EXERCISE MATERIALS section start
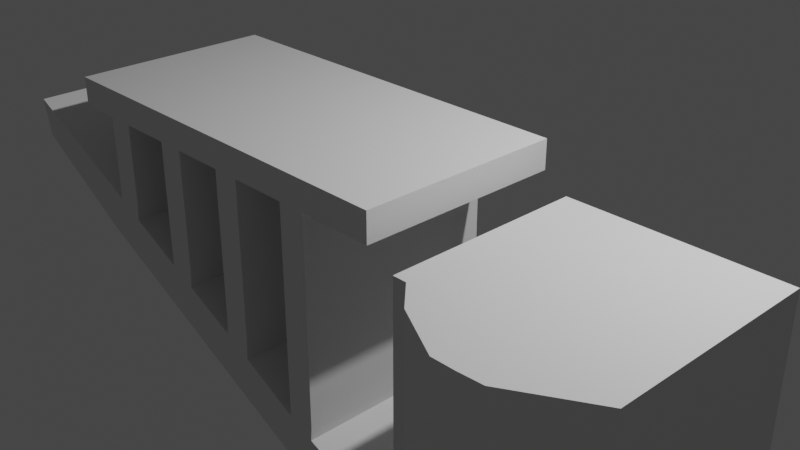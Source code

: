 # Source: untitled.blend  (saved by Blender 4.3.32; exported with 4.5.12 LTS)
import bpy
from mathutils import Matrix  # noqa: F401  (used for matrix-valued properties, if any)

bpy.ops.wm.read_factory_settings(use_empty=True)
scene = bpy.context.scene
scene.name = 'Scene'

# ---- collections
col_collection = bpy.data.collections.new('Collection'); scene.collection.children.link(col_collection)

# ---- world
world_world = bpy.data.worlds.new('World'); scene.world = world_world
world_world.use_nodes = True; world_world.node_tree.nodes.clear()
_N = world_world.node_tree.nodes; _L = world_world.node_tree.links
n0 = _N.new('ShaderNodeOutputWorld'); n0.name = 'World Output'; n0.location = (300, 300)
n1 = _N.new('ShaderNodeBackground'); n1.name = 'Background'; n1.location = (10, 300)
n1.inputs[0].default_value = (0.05088, 0.05088, 0.05088, 1.0)
_L.new(n1.outputs[0], n0.inputs[0])
n0.is_active_output = True
world_world.color = (0.05088, 0.05088, 0.05088)
world_world.use_sun_shadow = False
world_world.sun_shadow_jitter_overblur = 0.0

# ---- cameras
cam_camera = bpy.data.cameras.new('Camera')
cam_camera.clip_end = 100.0
cam_camera.ortho_scale = 7.314

# ---- lights
light_light = bpy.data.lights.new('Light', 'POINT')
light_light.transmission_factor = 0.0
light_light.energy = 1000.0
light_light.shadow_soft_size = 0.1
light_light.shadow_maximum_resolution = 0.006
light_light.use_absolute_resolution = True

# ---- meshes
me_plane = bpy.data.meshes.new('Plane')
me_plane.from_pydata([(-1.0, -1.0, 0.0), (1.0, -1.0, 0.0), (-1.0, 1.0, 0.0), (1.0, 1.0, 0.0)], [], [(0, 1, 3, 2)])
_uv = me_plane.uv_layers.new(name='UVMap')
_uv.uv.foreach_set('vector', [0.0, 0.0, 1.0, 0.0, 1.0, 1.0, 0.0, 1.0])
me_plane.use_remesh_fix_poles = True
me_plane.use_remesh_preserve_attributes = False
me_plane.update()
me_cube_004 = bpy.data.meshes.new('Cube.004')
me_cube_004.from_pydata([(1.399, -1.0, -1.0), (1.399, -1.0, 1.006), (1.399, 1.0, -1.0), (1.399, 1.0, 1.006), (3.399, -1.0, -1.0), (3.399, -1.0, 1.006), (3.399, 1.0, -1.0), (3.399, 1.0, 1.006), (1.399, -1.0, 0.8239), (1.399, 1.0, 0.8239), (3.399, 1.0, 0.8309), (3.399, -1.0, 0.8309), (1.399, 1.0, 0.4784), (3.399, 1.0, 0.4712), (3.399, -1.0, 0.4712), (1.399, -1.0, 0.4784), (1.399, 1.0, 0.3041), (3.399, 1.0, 0.2969), (3.399, -1.0, 0.2969), (1.399, -1.0, 0.3041), (1.399, 1.0, -0.04594), (3.399, 1.0, -0.03901), (3.399, -1.0, -0.03901), (1.399, -1.0, -0.04594), (1.399, 1.0, -0.2132), (3.399, 1.0, -0.2132), (3.399, -1.0, -0.2132), (1.399, -1.0, -0.2132), (1.399, 1.0, -0.5499), (3.399, 1.0, -0.5526), (3.399, -1.0, -0.5526), (1.399, -1.0, -0.5499), (1.399, 1.0, -0.7248), (3.399, 1.0, -0.7261), (3.399, -1.0, -0.7261), (1.399, -1.0, -0.7248), (14.26, -1.0, 0.295), (3.914, -1.0, 0.295), (14.26, 1.0, 0.295), (3.914, 1.0, 0.295), (14.26, -1.0, 0.4694), (3.914, -1.0, 0.4694), (14.26, 1.0, 0.4694), (3.914, 1.0, 0.4694), (17.76, -1.0, 0.8318), (3.691, -1.0, 0.8318), (17.76, 1.0, 0.8318), (3.691, 1.0, 0.8318), (17.76, -1.0, 1.006), (3.691, -1.0, 1.006), (17.76, 1.0, 1.006), (3.691, 1.0, 1.006), (16.0, -1.0, 0.8318), (16.0, 1.0, 0.8318), (16.0, 1.0, 1.006), (16.0, -1.0, 1.006), (22.72, -1.006, 1.198), (7.303, -1.006, -1.532), (22.72, 0.9944, 1.198), (7.303, 0.9944, -1.532), (19.97, -1.006, 1.305), (4.722, -1.006, -1.582), (19.97, 0.9944, 1.305), (4.722, 0.9944, -1.582), (20.39, -1.006, 0.7223), (20.39, 0.9944, 0.7223), (17.81, 0.9944, 0.8288), (17.81, -1.006, 0.8288), (21.24, 0.9944, 0.8786), (18.66, 0.9944, 1.004), (18.66, -1.006, 1.004), (21.24, -1.006, 0.8786), (17.38, -1.006, 0.1666), (17.38, 0.9944, 0.1666), (14.79, 0.9944, 0.2912), (14.79, -1.006, 0.2912), (18.35, 0.9944, 0.3455), (15.77, 0.9944, 0.4673), (15.77, -1.006, 0.4673), (18.35, -1.006, 0.3455), (14.68, -1.006, -0.3301), (14.68, 0.9944, -0.3301), (12.1, 0.9944, -0.2104), (12.1, -1.006, -0.2104), (15.59, 0.9944, -0.1625), (13.01, 0.9944, -0.04117), (13.01, -1.006, -0.04117), (15.59, -1.006, -0.1625), (12.02, -1.0, -0.2132), (3.843, -1.0, -0.2132), (12.02, 1.0, -0.2132), (3.843, 1.0, -0.2132), (12.02, -1.0, -0.03889), (3.843, -1.0, -0.03889), (12.02, 1.0, -0.03889), (3.843, 1.0, -0.03889), (11.87, -1.006, -0.8476), (11.87, 0.9944, -0.8476), (9.289, 0.9944, -0.7243), (9.289, -1.006, -0.7243), (12.82, 0.9944, -0.6726), (10.24, 0.9944, -0.5562), (10.24, -1.006, -0.5562), (12.82, -1.006, -0.6726), (9.13, -1.0, -0.7271), (3.783, -1.0, -0.7271), (9.13, 1.0, -0.7271), (3.783, 1.0, -0.7271), (9.13, -1.0, -0.5527), (3.783, -1.0, -0.5527), (9.13, 1.0, -0.5527), (3.783, 1.0, -0.5527), (1.399, -1.0, 1.465), (1.399, 1.0, 1.465), (3.399, 1.0, 1.465), (3.399, -1.0, 1.465), (32.3, -1.045, 1.748), (4.09, -1.045, 1.748), (32.3, 0.8907, 1.748), (4.09, 0.8907, 1.748), (32.3, -1.166, 2.935), (4.09, -1.166, 2.935), (32.3, 0.8907, 2.935), (4.09, 0.8907, 2.935), (32.3, 0.8907, 2.364), (4.09, 0.8907, 2.364), (32.3, -1.584, 2.364), (4.09, -1.584, 2.364), (32.3, 0.8907, 2.056), (4.09, -1.436, 2.056), (4.09, 0.8907, 2.056), (32.3, -1.436, 2.056), (4.09, 0.8907, 2.649), (32.3, -1.436, 2.649), (32.3, 0.8907, 2.649), (4.09, -1.436, 2.649), (26.16, -1.045, 1.748), (26.16, 0.8907, 1.748), (24.88, 0.8907, 2.935), (24.88, -1.166, 2.935), (24.88, -1.584, 2.364), (24.88, 0.8907, 2.364), (24.88, 0.8907, 2.056), (24.88, -1.436, 2.056), (24.88, -1.436, 2.649), (24.88, 0.8907, 2.649), (20.81, -1.045, 1.748), (20.81, 0.8907, 1.748), (20.81, 0.8907, 2.935), (20.81, -1.166, 2.935), (20.81, -1.584, 2.364), (20.81, 0.8907, 2.364), (20.81, 0.8907, 2.056), (20.81, -1.436, 2.056), (20.81, -1.436, 2.649), (20.81, 0.8907, 2.649), (23.8, -1.025, 1.473), (20.81, -1.025, 1.526), (20.81, 0.9426, 1.526), (23.8, 0.9426, 1.473), (24.83, -1.034, 1.594), (20.81, -1.034, 1.624), (20.81, 0.9198, 1.624), (24.83, 0.9198, 1.594), (20.81, -1.045, 1.664), (4.09, -1.045, 1.664), (4.09, 0.8907, 1.664), (20.81, 0.8907, 1.664), (25.35, -1.038, 1.654), (20.81, -1.038, 1.672), (20.81, 0.9084, 1.672), (25.35, 0.9084, 1.654), (32.3, 0.8907, 2.507), (4.09, -1.57, 2.507), (4.09, 0.8907, 2.507), (32.3, -1.57, 2.507), (24.88, 0.8907, 2.507), (24.88, -1.57, 2.507), (20.81, 0.8907, 2.507), (20.81, -1.57, 2.507), (4.09, 0.8907, 2.228), (32.3, -1.586, 2.228), (32.3, 0.8907, 2.228), (4.09, -1.586, 2.228), (24.88, -1.586, 2.228), (24.88, 0.8907, 2.228), (20.81, -1.586, 2.228), (20.81, 0.8907, 2.228), (4.09, 0.8907, 2.78), (32.3, -1.312, 2.78), (32.3, 0.8907, 2.78), (4.09, -1.312, 2.78), (24.88, -1.312, 2.78), (24.88, 0.8907, 2.78), (20.81, -1.312, 2.78), (20.81, 0.8907, 2.78), (32.3, 0.8907, 1.902), (4.09, -1.301, 1.902), (4.09, 0.8907, 1.902), (32.3, -1.301, 1.902), (25.52, 0.8907, 1.902), (25.52, -1.301, 1.902), (20.81, 0.8907, 1.902), (20.81, -1.301, 1.902), (43.11, 0.8907, 1.748), (43.11, -1.045, 1.748), (43.11, 0.8907, 1.902), (43.11, -1.166, 2.935), (43.11, 0.8907, 2.935), (43.11, -1.312, 2.78), (43.11, 0.8907, 2.507), (43.11, 0.8907, 2.364), (43.11, -1.586, 2.228), (43.11, -1.584, 2.364), (43.11, 0.8907, 2.228), (43.11, 0.8907, 2.056), (43.11, -1.301, 1.902), (43.11, -1.436, 2.056), (43.11, -1.57, 2.507), (43.11, -1.436, 2.649), (43.11, 0.8907, 2.78), (43.11, 0.8907, 2.649), (18.89, -1.045, 1.748), (18.89, 0.8907, 1.748), (18.89, 0.8907, 2.935), (18.89, -1.166, 2.935), (18.89, -1.584, 2.364), (18.89, 0.8907, 2.364), (18.89, 0.8907, 2.056), (18.89, -1.436, 2.056), (18.89, -1.436, 2.649), (18.89, 0.8907, 2.649), (18.89, -1.045, 1.664), (18.89, 0.8907, 1.664), (18.89, 0.8907, 2.507), (18.89, -1.57, 2.507), (18.89, -1.586, 2.228), (18.89, 0.8907, 2.228), (18.89, -1.312, 2.78), (18.89, 0.8907, 2.78), (18.89, 0.8907, 1.902), (18.89, -1.301, 1.902), (18.89, -1.062, 2.935), (20.81, -1.062, 2.935), (18.89, -1.48, 2.364), (20.81, -1.48, 2.364), (18.89, -1.332, 2.056), (20.81, -1.332, 2.056), (18.89, -1.332, 2.649), (20.81, -1.332, 2.649), (20.81, -1.209, 2.78), (20.81, -1.482, 2.228), (20.81, -1.466, 2.507), (20.81, -1.197, 1.902), (20.81, -0.9412, 1.748), (18.89, -1.466, 2.507), (18.89, -1.482, 2.228), (18.89, -1.209, 2.78), (18.89, -1.197, 1.902), (18.89, -0.9412, 1.748), (19.65, 0.8907, 1.748), (19.65, 0.8907, 2.935), (19.65, -1.166, 2.935), (19.65, 0.8907, 2.364), (19.65, 0.8907, 2.056), (19.65, 0.8907, 2.649), (19.65, 0.8907, 1.664), (19.65, 0.8907, 2.507), (19.65, 0.8907, 2.228), (19.65, 0.8907, 2.78), (19.65, 0.8907, 1.902), (19.65, -1.045, 1.748), (19.65, -1.045, 1.664), (19.65, -1.062, 2.935), (19.65, -1.48, 2.364), (19.65, -1.332, 2.056), (19.65, -1.332, 2.649), (19.65, -1.466, 2.507), (19.65, -1.482, 2.228), (19.65, -1.209, 2.78), (19.65, -1.197, 1.902), (19.65, -0.9412, 1.748), (19.65, -1.032, 2.935), (20.81, -1.032, 2.935), (19.65, -1.449, 2.364), (20.81, -1.449, 2.364), (19.65, -1.301, 2.056), (20.81, -1.301, 2.056), (19.65, -1.301, 2.649), (20.81, -1.301, 2.649), (20.81, -1.178, 2.78), (20.81, -1.452, 2.228), (20.81, -1.436, 2.507), (20.81, -1.166, 1.902), (20.81, -0.9106, 1.748), (19.65, -1.436, 2.507), (19.65, -1.452, 2.228), (19.65, -1.178, 2.78), (19.65, -1.166, 1.902), (19.65, -0.9106, 1.748), (1.399, 0.0, -1.0), (1.399, 0.0, 1.006), (3.399, 0.0, -1.0), (3.399, 0.0, 1.006), (1.399, 0.0, 0.8239), (1.399, -1.192e-07, 0.4784), (1.399, -1.192e-07, 0.3041), (1.399, -1.192e-07, -0.04594), (1.399, -1.192e-07, -0.2132), (1.399, -5.96e-08, -0.5499), (3.399, -5.96e-08, -0.7261), (1.399, 0.0, -0.7248), (17.76, -5.96e-08, 1.006), (3.691, -5.96e-08, 1.006), (16.0, -5.96e-08, 1.006), (22.72, -0.005577, 1.198), (7.303, -0.005576, -1.532), (19.97, -0.005577, 1.305), (4.722, -0.005576, -1.582), (20.39, -0.005577, 0.7223), (21.24, -0.005577, 0.8786), (18.66, -0.005577, 1.004), (17.38, -0.005577, 0.1666), (18.35, -0.005577, 0.3455), (14.68, -0.005577, -0.3301), (15.59, -0.005577, -0.1625), (9.289, -0.005577, -0.7243), (11.87, -0.005577, -0.8476), (12.82, -0.005577, -0.6726), (9.13, 2.384e-07, -0.7271), (3.783, 2.98e-07, -0.7271), (1.399, 0.0, 1.465), (3.399, 0.0, 1.465), (32.3, -0.07712, 1.748), (4.09, -0.07712, 1.748), (32.3, -0.1377, 2.935), (4.09, -0.1377, 2.935), (4.09, -0.3465, 2.364), (4.09, -0.2724, 2.056), (4.09, -0.2724, 2.649), (24.88, -0.1377, 2.935), (26.16, -0.07712, 1.748), (20.81, -0.1377, 2.935), (20.81, -0.07712, 1.748), (23.8, -0.04135, 1.473), (20.81, -0.04135, 1.526), (20.81, -0.05707, 1.624), (24.83, -0.05707, 1.594), (4.09, -0.07712, 1.664), (20.81, -0.07712, 1.664), (25.35, -0.0649, 1.654), (20.81, -0.0649, 1.672), (4.09, -0.3398, 2.507), (4.09, -0.3477, 2.228), (4.09, -0.2109, 2.78), (4.09, -0.2051, 1.902), (43.11, -0.07712, 1.748), (43.11, -0.1377, 2.935), (43.11, -0.3465, 2.364), (43.11, -0.2724, 2.056), (43.11, -0.2724, 2.649), (43.11, -0.3398, 2.507), (43.11, -0.3477, 2.228), (43.11, -0.2109, 2.78), (43.11, -0.2051, 1.902), (18.89, -0.07712, 1.664), (18.89, -0.1377, 2.935), (19.65, -0.1377, 2.935), (19.65, -0.07712, 1.664)], [], [(304, 301, 3, 9), (9, 3, 7, 10), (47, 45, 11, 10), (11, 5, 1, 8), (300, 302, 4, 0), (7, 3, 113, 114), (14, 11, 8, 15), (13, 10, 11, 14), (12, 9, 10, 13), (305, 304, 9, 12), (306, 305, 12, 16), (16, 12, 13, 17), (39, 37, 18, 17), (18, 14, 15, 19), (22, 18, 19, 23), (21, 17, 18, 22), (20, 16, 17, 21), (307, 306, 16, 20), (308, 307, 20, 24), (24, 20, 21, 25), (91, 89, 26, 25), (26, 22, 23, 27), (30, 26, 27, 31), (29, 25, 26, 30), (28, 24, 25, 29), (309, 308, 24, 28), (311, 309, 28, 32), (32, 28, 29, 33), (330, 105, 34, 310), (34, 30, 31, 35), (4, 34, 35, 0), (302, 310, 34, 4), (2, 32, 33, 6), (300, 311, 32, 2), (36, 37, 39, 38), (38, 39, 43, 42), (42, 43, 41, 40), (40, 41, 37, 36), (78, 77, 42, 40), (43, 39, 17, 13), (52, 45, 47, 53), (53, 47, 51, 54), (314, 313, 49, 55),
EXERCISE MATERIALS section end
WORK REQUEST:
Copy all lines from the entries that contain the word "import".

YOUR SOLUTION:
import bpy
from mathutils import Matrix  # noqa: F401  (used for matrix-valued properties, if any)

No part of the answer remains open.